OK, this works, but there are a lot of artifacts and the pitch is not exactly perceived as discrete.
We can still hear the tremolo and we can see it in the spectrogram.
So analyze the pitch-discretized signal and ajust the algorithms parameters for a better result.


## Analysis and Parameters

First let's analyze the pitch of the pitch-discretized signal.

In [None]:
f_0_y_sing, voiced_flag, voiced_probs = librosa.pyin(y_sing, fmin=fmin, fmax=fmax, sr=sr,
                                                     frame_length=pyin_frame_length, hop_length=pyin_hop_length)

In [None]:
plt.rcParams['figure.figsize'] = [15, 10]
original, = plt.plot(f_0_sing, label="original")
target, = plt.plot(f_0_disc_sing, label="target")
processed, = plt.plot(f_0_y_sing, label="processed")
plt.legend(handles=[original, target, processed])
IPython.display.Audio(y_sing, rate=sr)

This figure reflects, what we can hear.
As a first goal, we can focus at the part at the beginning, where the pitch is flat.
How can we flatten the pitch?
Which parameters can we adjust?

In [None]:
help(reshift.pitch_shift_ola)

__OLA pitch-shifting parameter improvement:__

- bigger overlap factor

- smaller block size N

In [None]:
help(librosa.pyin)

__pYIN pitch-tracking parameter improvement:__

- use a signal with less reverb

- smaller hop_length

- adjust the frame_length around 2048

- adjust maximum transition rate if tracking at fast pitch changes does not catch up.

- adjust the pitch resolution around 0.01cents?

- What does the window_length for calculating the autocorrelation exactly do?

- What is n_thresholds exactly for (peak estimation)?

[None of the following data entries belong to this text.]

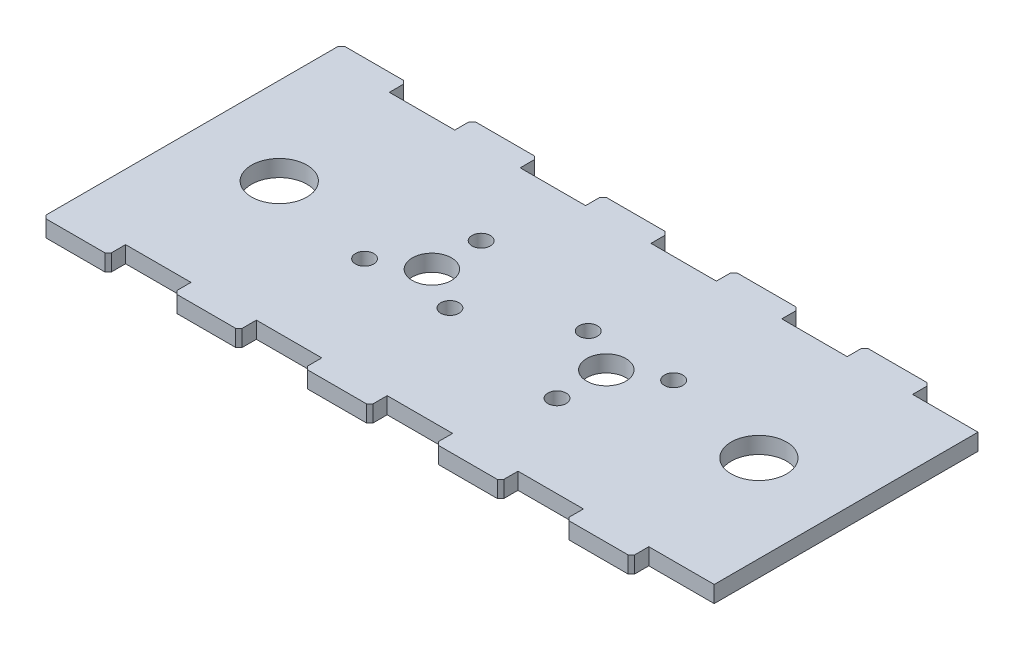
ISO-10303-21;
HEADER;
FILE_DESCRIPTION(('STEP AP214'),'2;1');
FILE_NAME('part.step','',(''),(''),'','','');
FILE_SCHEMA(('AUTOMOTIVE_DESIGN { 1 0 10303 214 1 1 1 1 }'));
ENDSEC;
DATA;
#1=APPLICATION_CONTEXT('core data for automotive mechanical design processes');
#2=APPLICATION_PROTOCOL_DEFINITION('international standard','automotive_design',2000,#1);
#3=PRODUCT_CONTEXT('',#1,'mechanical');
#4=PRODUCT('Part','Part','',(#3));
#5=PRODUCT_RELATED_PRODUCT_CATEGORY('part','',(#4));
#6=PRODUCT_DEFINITION_FORMATION('','',#4);
#7=PRODUCT_DEFINITION_CONTEXT('part definition',#1,'design');
#8=PRODUCT_DEFINITION('design','',#6,#7);
#9=PRODUCT_DEFINITION_SHAPE('','',#8);
#10=(LENGTH_UNIT() NAMED_UNIT(*) SI_UNIT(.MILLI.,.METRE.));
#11=(NAMED_UNIT(*) PLANE_ANGLE_UNIT() SI_UNIT($,.RADIAN.));
#12=(NAMED_UNIT(*) SI_UNIT($,.STERADIAN.) SOLID_ANGLE_UNIT());
#13=UNCERTAINTY_MEASURE_WITH_UNIT(LENGTH_MEASURE(1.E-05),#10,'distance_accuracy_value','');
#14=(GEOMETRIC_REPRESENTATION_CONTEXT(3) GLOBAL_UNCERTAINTY_ASSIGNED_CONTEXT((#13)) GLOBAL_UNIT_ASSIGNED_CONTEXT((#10,
#11,#12)) REPRESENTATION_CONTEXT('',''));
#15=CARTESIAN_POINT('',(0.,0.,0.));
#16=DIRECTION('',(0.,0.,1.));
#17=DIRECTION('',(1.,0.,0.));
#18=AXIS2_PLACEMENT_3D('',#15,#16,#17);
#19=CARTESIAN_POINT('',(0.,3.81,0.));
#20=DIRECTION('',(0.,0.,-1.));
#21=DIRECTION('',(-1.,0.,0.));
#22=AXIS2_PLACEMENT_3D('',#19,#20,#21);
#23=PLANE('',#22);
#24=DIRECTION('',(1.,0.,0.));
#25=VECTOR('',#24,1.);
#26=CARTESIAN_POINT('',(0.,0.,0.));
#27=LINE('',#26,#25);
#28=CARTESIAN_POINT('',(105.,0.,0.));
#29=VERTEX_POINT('',#28);
#30=CARTESIAN_POINT('',(120.,0.,0.));
#31=VERTEX_POINT('',#30);
#32=EDGE_CURVE('E434',#29,#31,#27,.T.);
#33=ORIENTED_EDGE('',*,*,#32,.T.);
#34=DIRECTION('',(0.,1.,0.));
#35=VECTOR('',#34,1.);
#36=CARTESIAN_POINT('',(120.,-15.5241746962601,0.));
#37=LINE('',#36,#35);
#38=CARTESIAN_POINT('',(120.,3.81,0.));
#39=VERTEX_POINT('',#38);
#40=EDGE_CURVE('E441',#31,#39,#37,.T.);
#41=ORIENTED_EDGE('',*,*,#40,.T.);
#42=DIRECTION('',(1.,0.,0.));
#43=VECTOR('',#42,1.);
#44=CARTESIAN_POINT('',(0.,3.81,0.));
#45=LINE('',#44,#43);
#46=CARTESIAN_POINT('',(105.,3.81,0.));
#47=VERTEX_POINT('',#46);
#48=EDGE_CURVE('E864',#47,#39,#45,.T.);
#49=ORIENTED_EDGE('',*,*,#48,.F.);
#50=DIRECTION('',(0.,1.,0.));
#51=VECTOR('',#50,1.);
#52=CARTESIAN_POINT('',(105.,-15.5241746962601,0.));
#53=LINE('',#52,#51);
#54=EDGE_CURVE('E525',#29,#47,#53,.T.);
#55=ORIENTED_EDGE('',*,*,#54,.F.);
#56=EDGE_LOOP('',(#33,#41,#49,#55));
#57=FACE_BOUND('',#56,.T.);
#58=ADVANCED_FACE('F35',(#57),#23,.F.);
#59=CARTESIAN_POINT('',(0.,3.81,-60.5));
#60=DIRECTION('',(0.,0.,1.));
#61=DIRECTION('',(1.,0.,0.));
#62=AXIS2_PLACEMENT_3D('',#59,#60,#61);
#63=PLANE('',#62);
#64=DIRECTION('',(-1.,0.,0.));
#65=VECTOR('',#64,1.);
#66=CARTESIAN_POINT('',(0.,0.,-60.5));
#67=LINE('',#66,#65);
#68=CARTESIAN_POINT('',(150.,0.,-60.5000000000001));
#69=VERTEX_POINT('',#68);
#70=CARTESIAN_POINT('',(135.,0.,-60.5000000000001));
#71=VERTEX_POINT('',#70);
#72=EDGE_CURVE('E872',#69,#71,#67,.T.);
#73=ORIENTED_EDGE('',*,*,#72,.T.);
#74=DIRECTION('',(0.,1.,0.));
#75=VECTOR('',#74,1.);
#76=CARTESIAN_POINT('',(135.,-15.5241746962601,-60.5));
#77=LINE('',#76,#75);
#78=CARTESIAN_POINT('',(135.,3.81,-60.5000000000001));
#79=VERTEX_POINT('',#78);
#80=EDGE_CURVE('E451',#71,#79,#77,.T.);
#81=ORIENTED_EDGE('',*,*,#80,.T.);
#82=DIRECTION('',(-1.,0.,0.));
#83=VECTOR('',#82,1.);
#84=CARTESIAN_POINT('',(0.,3.81,-60.5));
#85=LINE('',#84,#83);
#86=CARTESIAN_POINT('',(150.,3.81,-60.5000000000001));
#87=VERTEX_POINT('',#86);
#88=EDGE_CURVE('E890',#87,#79,#85,.T.);
#89=ORIENTED_EDGE('',*,*,#88,.F.);
#90=DIRECTION('',(0.,-1.,0.));
#91=VECTOR('',#90,1.);
#92=CARTESIAN_POINT('',(150.,3.81,-60.5000000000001));
#93=LINE('',#92,#91);
#94=EDGE_CURVE('E893',#87,#69,#93,.T.);
#95=ORIENTED_EDGE('',*,*,#94,.T.);
#96=EDGE_LOOP('',(#73,#81,#89,#95));
#97=FACE_BOUND('',#96,.T.);
#98=ADVANCED_FACE('F800',(#97),#63,.F.);
#99=CARTESIAN_POINT('',(75.,0.,0.));
#100=VERTEX_POINT('',#99);
#101=CARTESIAN_POINT('',(90.,0.,0.));
#102=VERTEX_POINT('',#101);
#103=EDGE_CURVE('E847',#100,#102,#27,.T.);
#104=ORIENTED_EDGE('',*,*,#103,.T.);
#105=DIRECTION('',(0.,1.,0.));
#106=VECTOR('',#105,1.);
#107=CARTESIAN_POINT('',(90.,-15.5241746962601,0.));
#108=LINE('',#107,#106);
#109=CARTESIAN_POINT('',(90.,3.81,0.));
#110=VERTEX_POINT('',#109);
#111=EDGE_CURVE('E530',#102,#110,#108,.T.);
#112=ORIENTED_EDGE('',*,*,#111,.T.);
#113=CARTESIAN_POINT('',(75.,3.81,0.));
#114=VERTEX_POINT('',#113);
#115=EDGE_CURVE('E862',#114,#110,#45,.T.);
#116=ORIENTED_EDGE('',*,*,#115,.F.);
#117=DIRECTION('',(0.,1.,0.));
#118=VECTOR('',#117,1.);
#119=CARTESIAN_POINT('',(75.,-15.5241746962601,0.));
#120=LINE('',#119,#118);
#121=EDGE_CURVE('E576',#100,#114,#120,.T.);
#122=ORIENTED_EDGE('',*,*,#121,.F.);
#123=EDGE_LOOP('',(#104,#112,#116,#122));
#124=FACE_BOUND('',#123,.T.);
#125=ADVANCED_FACE('F806',(#124),#23,.F.);
#126=CARTESIAN_POINT('',(120.,3.81,-60.5000000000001));
#127=VERTEX_POINT('',#126);
#128=CARTESIAN_POINT('',(105.,3.81,-60.5000000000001));
#129=VERTEX_POINT('',#128);
#130=EDGE_CURVE('E894',#127,#129,#85,.T.);
#131=ORIENTED_EDGE('',*,*,#130,.F.);
#132=DIRECTION('',(0.,1.,0.));
#133=VECTOR('',#132,1.);
#134=CARTESIAN_POINT('',(120.,-15.5241746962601,-60.5));
#135=LINE('',#134,#133);
#136=CARTESIAN_POINT('',(120.,0.,-60.5));
#137=VERTEX_POINT('',#136);
#138=EDGE_CURVE('E465',#137,#127,#135,.T.);
#139=ORIENTED_EDGE('',*,*,#138,.F.);
#140=CARTESIAN_POINT('',(105.,0.,-60.5000000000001));
#141=VERTEX_POINT('',#140);
#142=EDGE_CURVE('E874',#137,#141,#67,.T.);
#143=ORIENTED_EDGE('',*,*,#142,.T.);
#144=DIRECTION('',(0.,1.,0.));
#145=VECTOR('',#144,1.);
#146=CARTESIAN_POINT('',(105.,-15.5241746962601,-60.5));
#147=LINE('',#146,#145);
#148=EDGE_CURVE('E537',#141,#129,#147,.T.);
#149=ORIENTED_EDGE('',*,*,#148,.T.);
#150=EDGE_LOOP('',(#131,#139,#143,#149));
#151=FACE_BOUND('',#150,.T.);
#152=ADVANCED_FACE('F811',(#151),#63,.F.);
#153=CARTESIAN_POINT('',(45.,0.,0.));
#154=VERTEX_POINT('',#153);
#155=CARTESIAN_POINT('',(60.,0.,0.));
#156=VERTEX_POINT('',#155);
#157=EDGE_CURVE('E841',#154,#156,#27,.T.);
#158=ORIENTED_EDGE('',*,*,#157,.T.);
#159=DIRECTION('',(0.,1.,0.));
#160=VECTOR('',#159,1.);
#161=CARTESIAN_POINT('',(60.,-15.5241746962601,0.));
#162=LINE('',#161,#160);
#163=CARTESIAN_POINT('',(60.,3.81,0.));
#164=VERTEX_POINT('',#163);
#165=EDGE_CURVE('E581',#156,#164,#162,.T.);
#166=ORIENTED_EDGE('',*,*,#165,.T.);
#167=CARTESIAN_POINT('',(45.,3.81,0.));
#168=VERTEX_POINT('',#167);
#169=EDGE_CURVE('E497',#168,#164,#45,.T.);
#170=ORIENTED_EDGE('',*,*,#169,.F.);
#171=DIRECTION('',(0.,1.,0.));
#172=VECTOR('',#171,1.);
#173=CARTESIAN_POINT('',(45.,-15.5241746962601,0.));
#174=LINE('',#173,#172);
#175=EDGE_CURVE('E628',#154,#168,#174,.T.);
#176=ORIENTED_EDGE('',*,*,#175,.F.);
#177=EDGE_LOOP('',(#158,#166,#170,#176));
#178=FACE_BOUND('',#177,.T.);
#179=ADVANCED_FACE('F816',(#178),#23,.F.);
#180=CARTESIAN_POINT('',(90.,3.81,-60.5000000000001));
#181=VERTEX_POINT('',#180);
#182=CARTESIAN_POINT('',(75.,3.81,-60.5));
#183=VERTEX_POINT('',#182);
#184=EDGE_CURVE('E1107',#181,#183,#85,.T.);
#185=ORIENTED_EDGE('',*,*,#184,.F.);
#186=DIRECTION('',(0.,1.,0.));
#187=VECTOR('',#186,1.);
#188=CARTESIAN_POINT('',(90.,-15.5241746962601,-60.5));
#189=LINE('',#188,#187);
#190=CARTESIAN_POINT('',(90.,0.,-60.5));
#191=VERTEX_POINT('',#190);
#192=EDGE_CURVE('E549',#191,#181,#189,.T.);
#193=ORIENTED_EDGE('',*,*,#192,.F.);
#194=CARTESIAN_POINT('',(75.,0.,-60.5));
#195=VERTEX_POINT('',#194);
#196=EDGE_CURVE('E879',#191,#195,#67,.T.);
#197=ORIENTED_EDGE('',*,*,#196,.T.);
#198=DIRECTION('',(0.,1.,0.));
#199=VECTOR('',#198,1.);
#200=CARTESIAN_POINT('',(75.,-15.5241746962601,-60.5));
#201=LINE('',#200,#199);
#202=EDGE_CURVE('E588',#195,#183,#201,.T.);
#203=ORIENTED_EDGE('',*,*,#202,.T.);
#204=EDGE_LOOP('',(#185,#193,#197,#203));
#205=FACE_BOUND('',#204,.T.);
#206=ADVANCED_FACE('F826',(#205),#63,.F.);
#207=CARTESIAN_POINT('',(15.,0.,0.));
#208=VERTEX_POINT('',#207);
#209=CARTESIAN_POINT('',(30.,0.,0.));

### Parameter Adjustment of OLA Pitch-Shifting

In [None]:
# parameters
N = 256
overlap_factor = 2

y_sing = reshift.pitch_shift_ola(x_sing, sr, rho_sing, rho_N, N, overlap_factor)

# analysis
f_0_y_sing, voiced_flag, voiced_probs = librosa.pyin(y_sing, fmin=fmin, fmax=fmax, sr=sr,
                                                     frame_length=pyin_frame_length, hop_length=pyin_hop_length)

In [None]:
# plot and play
original, = plt.plot(f_0_sing, label="original")
target, = plt.plot(f_0_disc_sing, label="target")
processed, = plt.plot(f_0_y_sing, label="processed")
plt.legend(handles=[original, target, processed])
IPython.display.Audio(y_sing, rate=sr)

### DEBUGGING:

There is something wrong with the OLA-picth shifting algorithm.
Lets do a comparison with librosa's algorithm and correct the OLA algorithm.

In [None]:
N = 512
overlap_factor = 2
y_dbg_rosa = reshift.pitch_shift_rosa(x_sing, rho_sing, rho_N)
y_dbg_ola = reshift.pitch_shift_ola(x_sing, sr, rho_sing, rho_N, N, overlap_factor)

In [None]:
IPython.display.Audio(y_dbg_rosa, rate=sr)

In [None]:
IPython.display.Audio(y_dbg_ola, rate=sr)

Librosa's algorithm does the expected target pitch shift, but the OLA algorithm does just not work...

Let's leave it like that for now and try the Rollers algorithm, which might be impemented in a non blocking manner.